◆ Task prompt
Output only the line that contains "#106=CARTESIAN_POINT('',(25.5,6.,-25.));" and the lines after it, all verbatim, through the last one below.

━━━ Data for this task ━━━

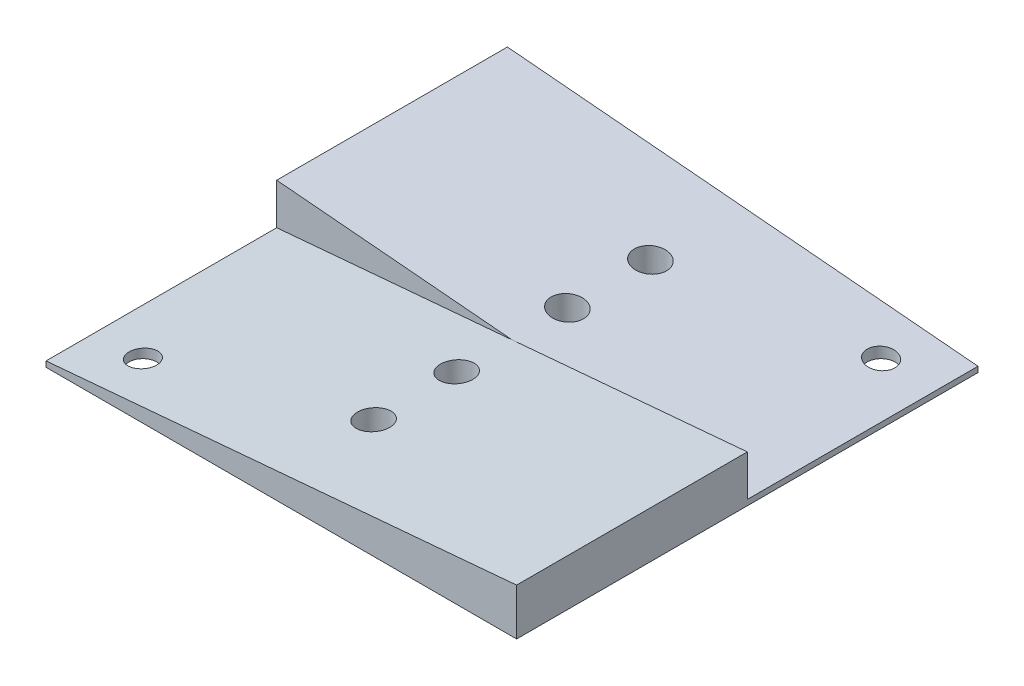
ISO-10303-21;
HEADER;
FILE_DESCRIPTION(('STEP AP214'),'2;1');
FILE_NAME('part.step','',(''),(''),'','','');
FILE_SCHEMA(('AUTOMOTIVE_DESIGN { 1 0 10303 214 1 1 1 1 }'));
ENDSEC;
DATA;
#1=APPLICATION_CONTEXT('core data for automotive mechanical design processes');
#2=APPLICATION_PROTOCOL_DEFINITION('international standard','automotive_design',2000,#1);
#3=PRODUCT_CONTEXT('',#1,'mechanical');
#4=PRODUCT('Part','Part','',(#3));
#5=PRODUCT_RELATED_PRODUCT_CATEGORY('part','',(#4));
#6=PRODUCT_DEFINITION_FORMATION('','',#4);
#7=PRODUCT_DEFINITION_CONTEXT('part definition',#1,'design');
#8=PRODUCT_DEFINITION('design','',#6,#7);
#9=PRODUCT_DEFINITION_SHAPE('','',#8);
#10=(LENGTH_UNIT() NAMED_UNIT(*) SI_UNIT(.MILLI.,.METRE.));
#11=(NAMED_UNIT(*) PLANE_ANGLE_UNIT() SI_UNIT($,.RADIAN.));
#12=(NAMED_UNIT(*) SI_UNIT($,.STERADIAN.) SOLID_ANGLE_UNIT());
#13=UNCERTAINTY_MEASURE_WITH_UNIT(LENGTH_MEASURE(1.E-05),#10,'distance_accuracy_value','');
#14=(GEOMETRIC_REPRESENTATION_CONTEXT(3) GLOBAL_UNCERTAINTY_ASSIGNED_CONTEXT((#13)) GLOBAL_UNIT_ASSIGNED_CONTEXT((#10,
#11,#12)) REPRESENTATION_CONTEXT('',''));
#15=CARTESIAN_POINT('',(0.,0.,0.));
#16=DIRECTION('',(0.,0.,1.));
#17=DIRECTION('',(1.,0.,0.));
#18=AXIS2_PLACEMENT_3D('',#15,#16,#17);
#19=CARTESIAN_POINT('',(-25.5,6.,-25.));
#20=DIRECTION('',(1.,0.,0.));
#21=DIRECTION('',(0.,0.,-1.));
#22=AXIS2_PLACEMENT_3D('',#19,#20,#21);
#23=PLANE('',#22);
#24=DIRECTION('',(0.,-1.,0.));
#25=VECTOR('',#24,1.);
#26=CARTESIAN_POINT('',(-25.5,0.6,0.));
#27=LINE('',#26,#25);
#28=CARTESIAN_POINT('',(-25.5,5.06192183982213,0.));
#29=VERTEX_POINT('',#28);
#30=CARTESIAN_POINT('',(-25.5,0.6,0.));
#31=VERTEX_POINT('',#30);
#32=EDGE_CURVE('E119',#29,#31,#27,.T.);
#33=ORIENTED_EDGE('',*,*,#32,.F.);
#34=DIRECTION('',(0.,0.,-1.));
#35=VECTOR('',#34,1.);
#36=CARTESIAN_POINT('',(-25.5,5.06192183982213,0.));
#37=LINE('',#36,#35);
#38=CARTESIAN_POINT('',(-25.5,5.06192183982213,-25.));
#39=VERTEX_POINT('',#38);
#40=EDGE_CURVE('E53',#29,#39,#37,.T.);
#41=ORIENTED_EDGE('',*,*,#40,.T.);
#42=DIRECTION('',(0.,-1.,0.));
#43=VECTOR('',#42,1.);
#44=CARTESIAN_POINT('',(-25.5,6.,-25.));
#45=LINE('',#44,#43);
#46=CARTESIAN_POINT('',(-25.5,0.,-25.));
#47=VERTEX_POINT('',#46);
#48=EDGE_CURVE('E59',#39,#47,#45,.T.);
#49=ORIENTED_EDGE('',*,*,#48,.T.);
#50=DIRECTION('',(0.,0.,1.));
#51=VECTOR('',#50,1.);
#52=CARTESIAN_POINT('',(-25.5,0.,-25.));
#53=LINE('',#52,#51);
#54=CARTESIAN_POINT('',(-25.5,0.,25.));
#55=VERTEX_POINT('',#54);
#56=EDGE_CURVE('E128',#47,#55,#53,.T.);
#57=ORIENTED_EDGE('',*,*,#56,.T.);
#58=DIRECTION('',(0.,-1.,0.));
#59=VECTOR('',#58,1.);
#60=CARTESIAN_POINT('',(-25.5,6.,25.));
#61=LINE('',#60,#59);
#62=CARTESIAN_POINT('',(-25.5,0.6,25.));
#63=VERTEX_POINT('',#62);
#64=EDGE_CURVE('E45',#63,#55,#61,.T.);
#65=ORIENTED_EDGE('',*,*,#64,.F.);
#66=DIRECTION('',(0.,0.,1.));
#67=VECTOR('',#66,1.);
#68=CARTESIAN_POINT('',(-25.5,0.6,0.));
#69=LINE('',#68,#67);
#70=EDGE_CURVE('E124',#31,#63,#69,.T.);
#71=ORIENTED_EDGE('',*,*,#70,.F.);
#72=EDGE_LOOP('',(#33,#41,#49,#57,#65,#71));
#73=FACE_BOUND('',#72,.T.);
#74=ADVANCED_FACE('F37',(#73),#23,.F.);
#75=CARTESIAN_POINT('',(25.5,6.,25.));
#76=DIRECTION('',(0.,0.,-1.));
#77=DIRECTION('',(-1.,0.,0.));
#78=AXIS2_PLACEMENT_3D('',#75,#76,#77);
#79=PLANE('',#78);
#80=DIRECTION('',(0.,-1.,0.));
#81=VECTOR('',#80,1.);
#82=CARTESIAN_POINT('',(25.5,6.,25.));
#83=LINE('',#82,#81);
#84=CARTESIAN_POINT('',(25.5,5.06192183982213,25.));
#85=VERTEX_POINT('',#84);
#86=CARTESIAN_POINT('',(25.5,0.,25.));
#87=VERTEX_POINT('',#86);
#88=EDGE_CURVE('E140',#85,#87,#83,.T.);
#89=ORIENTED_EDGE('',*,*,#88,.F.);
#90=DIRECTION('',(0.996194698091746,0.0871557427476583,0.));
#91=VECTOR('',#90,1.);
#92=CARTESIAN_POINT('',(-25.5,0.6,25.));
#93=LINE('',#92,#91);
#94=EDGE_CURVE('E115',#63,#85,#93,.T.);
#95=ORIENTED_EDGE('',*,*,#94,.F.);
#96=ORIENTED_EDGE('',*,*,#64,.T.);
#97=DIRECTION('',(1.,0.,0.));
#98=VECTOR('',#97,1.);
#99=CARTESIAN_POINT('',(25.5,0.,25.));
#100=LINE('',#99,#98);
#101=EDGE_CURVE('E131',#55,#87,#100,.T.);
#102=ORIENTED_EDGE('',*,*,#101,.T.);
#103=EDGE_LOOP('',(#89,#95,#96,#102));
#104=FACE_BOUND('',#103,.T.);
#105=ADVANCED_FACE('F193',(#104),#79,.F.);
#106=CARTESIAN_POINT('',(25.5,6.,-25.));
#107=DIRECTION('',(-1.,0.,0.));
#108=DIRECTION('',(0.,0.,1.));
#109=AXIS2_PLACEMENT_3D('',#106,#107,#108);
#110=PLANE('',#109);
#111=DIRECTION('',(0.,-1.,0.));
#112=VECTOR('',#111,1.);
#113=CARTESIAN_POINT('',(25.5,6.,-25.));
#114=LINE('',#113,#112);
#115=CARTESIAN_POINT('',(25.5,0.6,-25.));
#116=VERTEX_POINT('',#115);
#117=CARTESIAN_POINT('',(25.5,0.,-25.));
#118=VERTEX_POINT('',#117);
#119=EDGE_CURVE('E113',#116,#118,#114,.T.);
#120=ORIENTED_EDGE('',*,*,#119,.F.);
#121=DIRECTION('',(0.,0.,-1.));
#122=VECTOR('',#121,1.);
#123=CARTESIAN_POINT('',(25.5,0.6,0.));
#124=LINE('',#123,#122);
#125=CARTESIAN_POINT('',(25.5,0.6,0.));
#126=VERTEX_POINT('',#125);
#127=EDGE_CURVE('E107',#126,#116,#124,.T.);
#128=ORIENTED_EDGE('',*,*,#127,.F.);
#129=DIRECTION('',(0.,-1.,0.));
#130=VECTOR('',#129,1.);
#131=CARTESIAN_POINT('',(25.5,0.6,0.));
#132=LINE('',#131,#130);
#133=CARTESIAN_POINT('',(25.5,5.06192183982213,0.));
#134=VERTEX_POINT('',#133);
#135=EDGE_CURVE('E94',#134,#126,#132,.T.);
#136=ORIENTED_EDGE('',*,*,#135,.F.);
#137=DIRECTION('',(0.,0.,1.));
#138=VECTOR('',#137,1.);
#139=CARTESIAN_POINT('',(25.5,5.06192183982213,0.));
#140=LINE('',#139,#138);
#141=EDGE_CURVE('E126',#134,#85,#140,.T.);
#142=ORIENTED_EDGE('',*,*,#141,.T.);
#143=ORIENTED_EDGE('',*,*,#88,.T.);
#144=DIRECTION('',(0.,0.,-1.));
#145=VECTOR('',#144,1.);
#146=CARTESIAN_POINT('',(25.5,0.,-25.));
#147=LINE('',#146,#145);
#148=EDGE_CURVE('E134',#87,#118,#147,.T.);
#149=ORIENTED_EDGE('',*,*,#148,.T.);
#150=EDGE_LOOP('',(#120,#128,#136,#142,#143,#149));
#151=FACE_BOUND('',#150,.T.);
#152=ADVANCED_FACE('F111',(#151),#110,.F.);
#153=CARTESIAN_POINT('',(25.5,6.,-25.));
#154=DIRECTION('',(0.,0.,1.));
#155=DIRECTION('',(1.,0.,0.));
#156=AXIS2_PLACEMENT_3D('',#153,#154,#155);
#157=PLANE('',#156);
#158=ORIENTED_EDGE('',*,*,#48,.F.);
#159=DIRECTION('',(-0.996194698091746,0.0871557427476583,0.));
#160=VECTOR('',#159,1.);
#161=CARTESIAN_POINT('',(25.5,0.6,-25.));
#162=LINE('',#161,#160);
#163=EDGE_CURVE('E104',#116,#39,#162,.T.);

━━━

◆ Written reply
#106=CARTESIAN_POINT('',(25.5,6.,-25.));
#107=DIRECTION('',(-1.,0.,0.));
#108=DIRECTION('',(0.,0.,1.));
#109=AXIS2_PLACEMENT_3D('',#106,#107,#108);
#110=PLANE('',#109);
#111=DIRECTION('',(0.,-1.,0.));
#112=VECTOR('',#111,1.);
#113=CARTESIAN_POINT('',(25.5,6.,-25.));
#114=LINE('',#113,#112);
#115=CARTESIAN_POINT('',(25.5,0.6,-25.));
#116=VERTEX_POINT('',#115);
#117=CARTESIAN_POINT('',(25.5,0.,-25.));
#118=VERTEX_POINT('',#117);
#119=EDGE_CURVE('E113',#116,#118,#114,.T.);
#120=ORIENTED_EDGE('',*,*,#119,.F.);
#121=DIRECTION('',(0.,0.,-1.));
#122=VECTOR('',#121,1.);
#123=CARTESIAN_POINT('',(25.5,0.6,0.));
#124=LINE('',#123,#122);
#125=CARTESIAN_POINT('',(25.5,0.6,0.));
#126=VERTEX_POINT('',#125);
#127=EDGE_CURVE('E107',#126,#116,#124,.T.);
#128=ORIENTED_EDGE('',*,*,#127,.F.);
#129=DIRECTION('',(0.,-1.,0.));
#130=VECTOR('',#129,1.);
#131=CARTESIAN_POINT('',(25.5,0.6,0.));
#132=LINE('',#131,#130);
#133=CARTESIAN_POINT('',(25.5,5.06192183982213,0.));
#134=VERTEX_POINT('',#133);
#135=EDGE_CURVE('E94',#134,#126,#132,.T.);
#136=ORIENTED_EDGE('',*,*,#135,.F.);
#137=DIRECTION('',(0.,0.,1.));
#138=VECTOR('',#137,1.);
#139=CARTESIAN_POINT('',(25.5,5.06192183982213,0.));
#140=LINE('',#139,#138);
#141=EDGE_CURVE('E126',#134,#85,#140,.T.);
#142=ORIENTED_EDGE('',*,*,#141,.T.);
#143=ORIENTED_EDGE('',*,*,#88,.T.);
#144=DIRECTION('',(0.,0.,-1.));
#145=VECTOR('',#144,1.);
#146=CARTESIAN_POINT('',(25.5,0.,-25.));
#147=LINE('',#146,#145);
#148=EDGE_CURVE('E134',#87,#118,#147,.T.);
#149=ORIENTED_EDGE('',*,*,#148,.T.);
#150=EDGE_LOOP('',(#120,#128,#136,#142,#143,#149));
#151=FACE_BOUND('',#150,.T.);
#152=ADVANCED_FACE('F111',(#151),#110,.F.);
#153=CARTESIAN_POINT('',(25.5,6.,-25.));
#154=DIRECTION('',(0.,0.,1.));
#155=DIRECTION('',(1.,0.,0.));
#156=AXIS2_PLACEMENT_3D('',#153,#154,#155);
#157=PLANE('',#156);
#158=ORIENTED_EDGE('',*,*,#48,.F.);
#159=DIRECTION('',(-0.996194698091746,0.0871557427476583,0.));
#160=VECTOR('',#159,1.);
#161=CARTESIAN_POINT('',(25.5,0.6,-25.));
#162=LINE('',#161,#160);
#163=EDGE_CURVE('E104',#116,#39,#162,.T.);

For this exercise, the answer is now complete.